EXERCISE PROMPT
When the line with "#151=VERTEX_POINT('',#150);" appears below, start repeating lines exactly, and keep going through the line with "#160=EDGE_CURVE('E191',#129,#151,#159,.F.);"; add nothing outside that span.

### STORED DATA

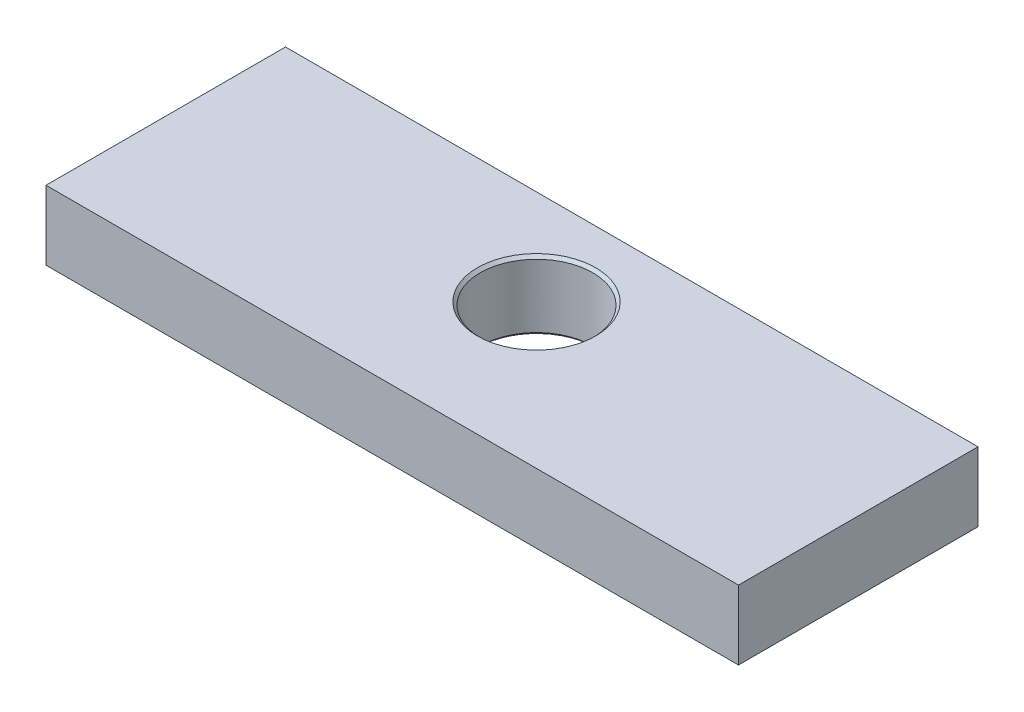
ISO-10303-21;
HEADER;
FILE_DESCRIPTION(('STEP AP214'),'2;1');
FILE_NAME('part.step','',(''),(''),'','','');
FILE_SCHEMA(('AUTOMOTIVE_DESIGN { 1 0 10303 214 1 1 1 1 }'));
ENDSEC;
DATA;
#1=APPLICATION_CONTEXT('core data for automotive mechanical design processes');
#2=APPLICATION_PROTOCOL_DEFINITION('international standard','automotive_design',2000,#1);
#3=PRODUCT_CONTEXT('',#1,'mechanical');
#4=PRODUCT('Part','Part','',(#3));
#5=PRODUCT_RELATED_PRODUCT_CATEGORY('part','',(#4));
#6=PRODUCT_DEFINITION_FORMATION('','',#4);
#7=PRODUCT_DEFINITION_CONTEXT('part definition',#1,'design');
#8=PRODUCT_DEFINITION('design','',#6,#7);
#9=PRODUCT_DEFINITION_SHAPE('','',#8);
#10=(LENGTH_UNIT() NAMED_UNIT(*) SI_UNIT(.MILLI.,.METRE.));
#11=(NAMED_UNIT(*) PLANE_ANGLE_UNIT() SI_UNIT($,.RADIAN.));
#12=(NAMED_UNIT(*) SI_UNIT($,.STERADIAN.) SOLID_ANGLE_UNIT());
#13=UNCERTAINTY_MEASURE_WITH_UNIT(LENGTH_MEASURE(1.E-05),#10,'distance_accuracy_value','');
#14=(GEOMETRIC_REPRESENTATION_CONTEXT(3) GLOBAL_UNCERTAINTY_ASSIGNED_CONTEXT((#13)) GLOBAL_UNIT_ASSIGNED_CONTEXT((#10,
#11,#12)) REPRESENTATION_CONTEXT('',''));
#15=CARTESIAN_POINT('',(0.,0.,0.));
#16=DIRECTION('',(0.,0.,1.));
#17=DIRECTION('',(1.,0.,0.));
#18=AXIS2_PLACEMENT_3D('',#15,#16,#17);
#19=CARTESIAN_POINT('',(-196.686091028777,-278.025070596186,-866.48578652296));
#20=DIRECTION('',(0.,-1.,0.));
#21=DIRECTION('',(0.,0.,-1.));
#22=AXIS2_PLACEMENT_3D('',#19,#20,#21);
#23=CONICAL_SURFACE('',#22,20.5,0.785398163397448);
#24=CARTESIAN_POINT('',(-196.686091028777,-277.025070596185,-866.48578652296));
#25=DIRECTION('',(0.,1.,0.));
#26=DIRECTION('',(-1.,0.,0.));
#27=AXIS2_PLACEMENT_3D('',#24,#25,#26);
#28=CIRCLE('',#27,19.5);
#29=CARTESIAN_POINT('',(-216.186091028777,-277.025070596185,-866.48578652296));
#30=VERTEX_POINT('',#29);
#31=EDGE_CURVE('E66',#30,#30,#28,.T.);
#32=ORIENTED_EDGE('',*,*,#31,.T.);
#33=EDGE_LOOP('',(#32));
#34=FACE_BOUND('',#33,.T.);
#35=CARTESIAN_POINT('',(-196.686091028777,-278.025070596186,-866.48578652296));
#36=DIRECTION('',(0.,-1.,0.));
#37=DIRECTION('',(0.,0.,-1.));
#38=AXIS2_PLACEMENT_3D('',#35,#36,#37);
#39=CIRCLE('',#38,20.5);
#40=CARTESIAN_POINT('',(-196.686091028777,-278.025070596186,-886.98578652296));
#41=VERTEX_POINT('',#40);
#42=EDGE_CURVE('E20',#41,#41,#39,.T.);
#43=ORIENTED_EDGE('',*,*,#42,.T.);
#44=EDGE_LOOP('',(#43));
#45=FACE_BOUND('',#44,.T.);
#46=ADVANCED_FACE('F17',(#34,#45),#23,.F.);
#47=CARTESIAN_POINT('',(-196.686091028777,-278.025070596186,-866.48578652296));
#48=DIRECTION('',(0.,1.,0.));
#49=DIRECTION('',(-1.,0.,0.));
#50=AXIS2_PLACEMENT_3D('',#47,#48,#49);
#51=PLANE('',#50);
#52=ORIENTED_EDGE('',*,*,#42,.F.);
#53=EDGE_LOOP('',(#52));
#54=FACE_BOUND('',#53,.T.);
#55=DIRECTION('',(0.,0.,1.));
#56=VECTOR('',#55,1.);
#57=CARTESIAN_POINT('',(-316.686091028776,-278.02506658903,-866.48578652296));
#58=LINE('',#57,#56);
#59=CARTESIAN_POINT('',(-316.686091028776,-278.025069594397,-816.485801569322));
#60=VERTEX_POINT('',#59);
#61=CARTESIAN_POINT('',(-316.686091028776,-278.025068592608,-899.48578652296));
#62=VERTEX_POINT('',#61);
#63=EDGE_CURVE('E181',#60,#62,#58,.F.);
#64=ORIENTED_EDGE('',*,*,#63,.T.);
#65=DIRECTION('',(1.,0.,0.));
#66=VECTOR('',#65,1.);
#67=CARTESIAN_POINT('',(-196.686091028777,-278.025070596186,-899.48578652296));
#68=LINE('',#67,#66);
#69=CARTESIAN_POINT('',(-76.6860910287774,-278.025070596186,-899.48578652296));
#70=VERTEX_POINT('',#69);
#71=EDGE_CURVE('E60',#62,#70,#68,.T.);
#72=ORIENTED_EDGE('',*,*,#71,.T.);
#73=DIRECTION('',(0.,0.,1.));
#74=VECTOR('',#73,1.);
#75=CARTESIAN_POINT('',(-76.6860910287774,-278.025070596186,-866.48578652296));
#76=LINE('',#75,#74);
#77=CARTESIAN_POINT('',(-76.6860910287774,-278.025070596186,-816.485801569322));
#78=VERTEX_POINT('',#77);
#79=EDGE_CURVE('E58',#78,#70,#76,.F.);
#80=ORIENTED_EDGE('',*,*,#79,.F.);
#81=DIRECTION('',(-1.,0.,0.));
#82=VECTOR('',#81,1.);
#83=CARTESIAN_POINT('',(-196.686085316581,-278.025070596186,-816.485801569322));
#84=LINE('',#83,#82);
#85=EDGE_CURVE('E55',#78,#60,#84,.T.);
#86=ORIENTED_EDGE('',*,*,#85,.T.);
#87=EDGE_LOOP('',(#64,#72,#80,#86));
#88=FACE_BOUND('',#87,.T.);
#89=ADVANCED_FACE('F59',(#54,#88),#51,.F.);
#90=CARTESIAN_POINT('',(-196.686091028777,-278.025070596186,-866.48578652296));
#91=DIRECTION('',(0.,1.,0.));
#92=DIRECTION('',(-1.,0.,0.));
#93=AXIS2_PLACEMENT_3D('',#90,#91,#92);
#94=CYLINDRICAL_SURFACE('',#93,19.5);
#95=ORIENTED_EDGE('',*,*,#31,.F.);
#96=EDGE_LOOP('',(#95));
#97=FACE_BOUND('',#96,.T.);
#98=CARTESIAN_POINT('',(-196.686091028777,-255.025070596186,-866.48578652296));
#99=DIRECTION('',(0.,1.,0.));
#100=DIRECTION('',(-1.,0.,0.));
#101=AXIS2_PLACEMENT_3D('',#98,#99,#100);
#102=CIRCLE('',#101,19.5);
#103=CARTESIAN_POINT('',(-216.186091028777,-255.025070596186,-866.48578652296));
#104=VERTEX_POINT('',#103);
#105=EDGE_CURVE('E81',#104,#104,#102,.T.);
#106=ORIENTED_EDGE('',*,*,#105,.T.);
#107=EDGE_LOOP('',(#106));
#108=FACE_BOUND('',#107,.T.);
#109=ADVANCED_FACE('F92',(#97,#108),#94,.F.);
#110=CARTESIAN_POINT('',(-76.6860910287774,-266.025070596186,-866.48578652296));
#111=DIRECTION('',(1.,0.,0.));
#112=DIRECTION('',(0.,1.,0.));
#113=AXIS2_PLACEMENT_3D('',#110,#111,#112);
#114=PLANE('',#113);
#115=ORIENTED_EDGE('',*,*,#79,.T.);
#116=DIRECTION('',(0.,1.,0.));
#117=VECTOR('',#116,1.);
#118=CARTESIAN_POINT('',(-76.6860910287774,-266.025070596186,-899.48578652296));
#119=LINE('',#118,#117);
#120=CARTESIAN_POINT('',(-76.6860910287774,-254.025070596186,-899.48578652296));
#121=VERTEX_POINT('',#120);
#122=EDGE_CURVE('E184',#70,#121,#119,.T.);
#123=ORIENTED_EDGE('',*,*,#122,.T.);
#124=DIRECTION('',(0.,0.,1.));
#125=VECTOR('',#124,1.);
#126=CARTESIAN_POINT('',(-76.6860910287774,-254.025070596186,-866.48578652296));
#127=LINE('',#126,#125);
#128=CARTESIAN_POINT('',(-76.6860910287774,-254.025070596186,-816.485801569322));
#129=VERTEX_POINT('',#128);
#130=EDGE_CURVE('E77',#121,#129,#127,.T.);
#131=ORIENTED_EDGE('',*,*,#130,.T.);
#132=DIRECTION('',(0.,1.,0.));
#133=VECTOR('',#132,1.);
#134=CARTESIAN_POINT('',(-76.6860910287774,-266.025062581874,-816.485801569322));
#135=LINE('',#134,#133);
#136=EDGE_CURVE('E65',#129,#78,#135,.F.);
#137=ORIENTED_EDGE('',*,*,#136,.T.);
#138=EDGE_LOOP('',(#115,#123,#131,#137));
#139=FACE_BOUND('',#138,.T.);
#140=ADVANCED_FACE('F76',(#139),#114,.T.);
#141=CARTESIAN_POINT('',(-196.686085316581,-266.025062581874,-816.485801569322));
#142=DIRECTION('',(0.,0.,-1.));
#143=DIRECTION('',(-1.,0.,0.));
#144=AXIS2_PLACEMENT_3D('',#141,#142,#143);
#145=PLANE('',#144);
#146=DIRECTION('',(0.,1.,0.));
#147=VECTOR('',#146,1.);
#148=CARTESIAN_POINT('',(-316.686091028776,-266.025070596186,-816.485801569322));
#149=LINE('',#148,#147);
#150=CARTESIAN_POINT('',(-316.686091028776,-254.025070596186,-816.485801569322));
#151=VERTEX_POINT('',#150);
#152=EDGE_CURVE('E73',#151,#60,#149,.F.);
#153=ORIENTED_EDGE('',*,*,#152,.T.);
#154=ORIENTED_EDGE('',*,*,#85,.F.);
#155=ORIENTED_EDGE('',*,*,#136,.F.);
#156=DIRECTION('',(1.,0.,0.));
#157=VECTOR('',#156,1.);
#158=CARTESIAN_POINT('',(-196.686091028777,-254.025070596186,-816.485801569322));
#159=LINE('',#158,#157);
#160=EDGE_CURVE('E191',#129,#151,#159,.F.);
#161=ORIENTED_EDGE('',*,*,#160,.T.);
#162=EDGE_LOOP('',(#153,#154,#155,#161));
#163=FACE_BOUND('',#162,.T.);
#164=ADVANCED_FACE('F70',(#163),#145,.F.);
#165=CARTESIAN_POINT('',(-316.686091028776,-266.025070596186,-866.48578652296));
#166=DIRECTION('',(1.,0.,0.));
#167=DIRECTION('',(0.,1.,0.));
#168=AXIS2_PLACEMENT_3D('',#165,#166,#167);
#169=PLANE('',#168);
#170=DIRECTION('',(0.,1.,0.));
#171=VECTOR('',#170,1.);
#172=CARTESIAN_POINT('',(-316.686091028776,-266.025070596186,-899.48578652296));
#173=LINE('',#172,#171);
#174=CARTESIAN_POINT('',(-316.686091028776,-254.025070596186,-899.48578652296));
#175=VERTEX_POINT('',#174);
#176=EDGE_CURVE('E34',#175,#62,#173,.F.);
#177=ORIENTED_EDGE('',*,*,#176,.T.);
#178=ORIENTED_EDGE('',*,*,#63,.F.);
#179=ORIENTED_EDGE('',*,*,#152,.F.);
#180=DIRECTION('',(0.,0.,1.));
#181=VECTOR('',#180,1.);
#182=CARTESIAN_POINT('',(-316.686091028776,-254.025070596186,-866.48578652296));
#183=LINE('',#182,#181);
#184=EDGE_CURVE('E183',#151,#175,#183,.F.);
#185=ORIENTED_EDGE('',*,*,#184,.T.);
#186=EDGE_LOOP('',(#177,#178,#179,#185));
#187=FACE_BOUND('',#186,.T.);
#188=ADVANCED_FACE('F116',(#187),#169,.F.);
#189=CARTESIAN_POINT('',(-196.686091028777,-266.025070596186,-899.48578652296));
#190=DIRECTION('',(0.,0.,1.));
#191=DIRECTION('',(1.,0.,0.));
#192=AXIS2_PLACEMENT_3D('',#189,#190,#191);
#193=PLANE('',#192);
#194=ORIENTED_EDGE('',*,*,#176,.F.);
#195=DIRECTION('',(1.,0.,0.));
#196=VECTOR('',#195,1.);
#197=CARTESIAN_POINT('',(-196.686091028777,-254.025070596186,-899.48578652296));
#198=LINE('',#197,#196);
#199=EDGE_CURVE('E26',#175,#121,#198,.T.);
#200=ORIENTED_EDGE('',*,*,#199,.T.);
#201=ORIENTED_EDGE('',*,*,#122,.F.);
#202=ORIENTED_EDGE('',*,*,#71,.F.);
#203=EDGE_LOOP('',(#194,#200,#201,#202));
#204=FACE_BOUND('',#203,.T.);
#205=ADVANCED_FACE('F108',(#204),#193,.F.);
#206=CARTESIAN_POINT('',(-196.686091028777,-254.025070596186,-866.48578652296));
#207=DIRECTION('',(0.,1.,0.));
#208=DIRECTION('',(0.,0.,1.));
#209=AXIS2_PLACEMENT_3D('',#206,#207,#208);
#210=CONICAL_SURFACE('',#209,20.5,0.785398163397448);
#211=ORIENTED_EDGE('',*,*,#105,.F.);
#212=EDGE_LOOP('',(#211));
#213=FACE_BOUND('',#212,.T.);
#214=CARTESIAN_POINT('',(-196.686091028777,-254.025070596186,-866.48578652296));
#215=DIRECTION('',(0.,1.,0.));
#216=DIRECTION('',(0.,0.,1.));
#217=AXIS2_PLACEMENT_3D('',#214,#215,#216);
#218=CIRCLE('',#217,20.5);
#219=CARTESIAN_POINT('',(-196.686091028777,-254.025070596186,-845.98578652296));
#220=VERTEX_POINT('',#219);
#221=EDGE_CURVE('E11',#220,#220,#218,.T.);
#222=ORIENTED_EDGE('',*,*,#221,.T.);
#223=EDGE_LOOP('',(#222));
#224=FACE_BOUND('',#223,.T.);
#225=ADVANCED_FACE('F102',(#213,#224),#210,.F.);
#226=CARTESIAN_POINT('',(-196.686091028777,-254.025070596186,-866.48578652296));
#227=DIRECTION('',(0.,-1.,0.));
#228=DIRECTION('',(1.,0.,0.));
#229=AXIS2_PLACEMENT_3D('',#226,#227,#228);
#230=PLANE('',#229);
#231=ORIENTED_EDGE('',*,*,#221,.F.);
#232=EDGE_LOOP('',(#231));
#233=FACE_BOUND('',#232,.T.);
#234=ORIENTED_EDGE('',*,*,#184,.F.);
#235=ORIENTED_EDGE('',*,*,#160,.F.);
#236=ORIENTED_EDGE('',*,*,#130,.F.);
#237=ORIENTED_EDGE('',*,*,#199,.F.);
#238=EDGE_LOOP('',(#234,#235,#236,#237));
#239=FACE_BOUND('',#238,.T.);
#240=ADVANCED_FACE('F100',(#233,#239),#230,.F.);
#241=CLOSED_SHELL('',(#46,#89,#109,#140,#164,#188,#205,#225,#240));
#242=MANIFOLD_SOLID_BREP('B1',#241);
#243=ADVANCED_BREP_SHAPE_REPRESENTATION('',(#18,#242),#14);
#244=SHAPE_DEFINITION_REPRESENTATION(#9,#243);
ENDSEC;
END-ISO-10303-21;

######

FINISHED TASK
#151=VERTEX_POINT('',#150);
#152=EDGE_CURVE('E73',#151,#60,#149,.F.);
#153=ORIENTED_EDGE('',*,*,#152,.T.);
#154=ORIENTED_EDGE('',*,*,#85,.F.);
#155=ORIENTED_EDGE('',*,*,#136,.F.);
#156=DIRECTION('',(1.,0.,0.));
#157=VECTOR('',#156,1.);
#158=CARTESIAN_POINT('',(-196.686091028777,-254.025070596186,-816.485801569322));
#159=LINE('',#158,#157);
#160=EDGE_CURVE('E191',#129,#151,#159,.F.);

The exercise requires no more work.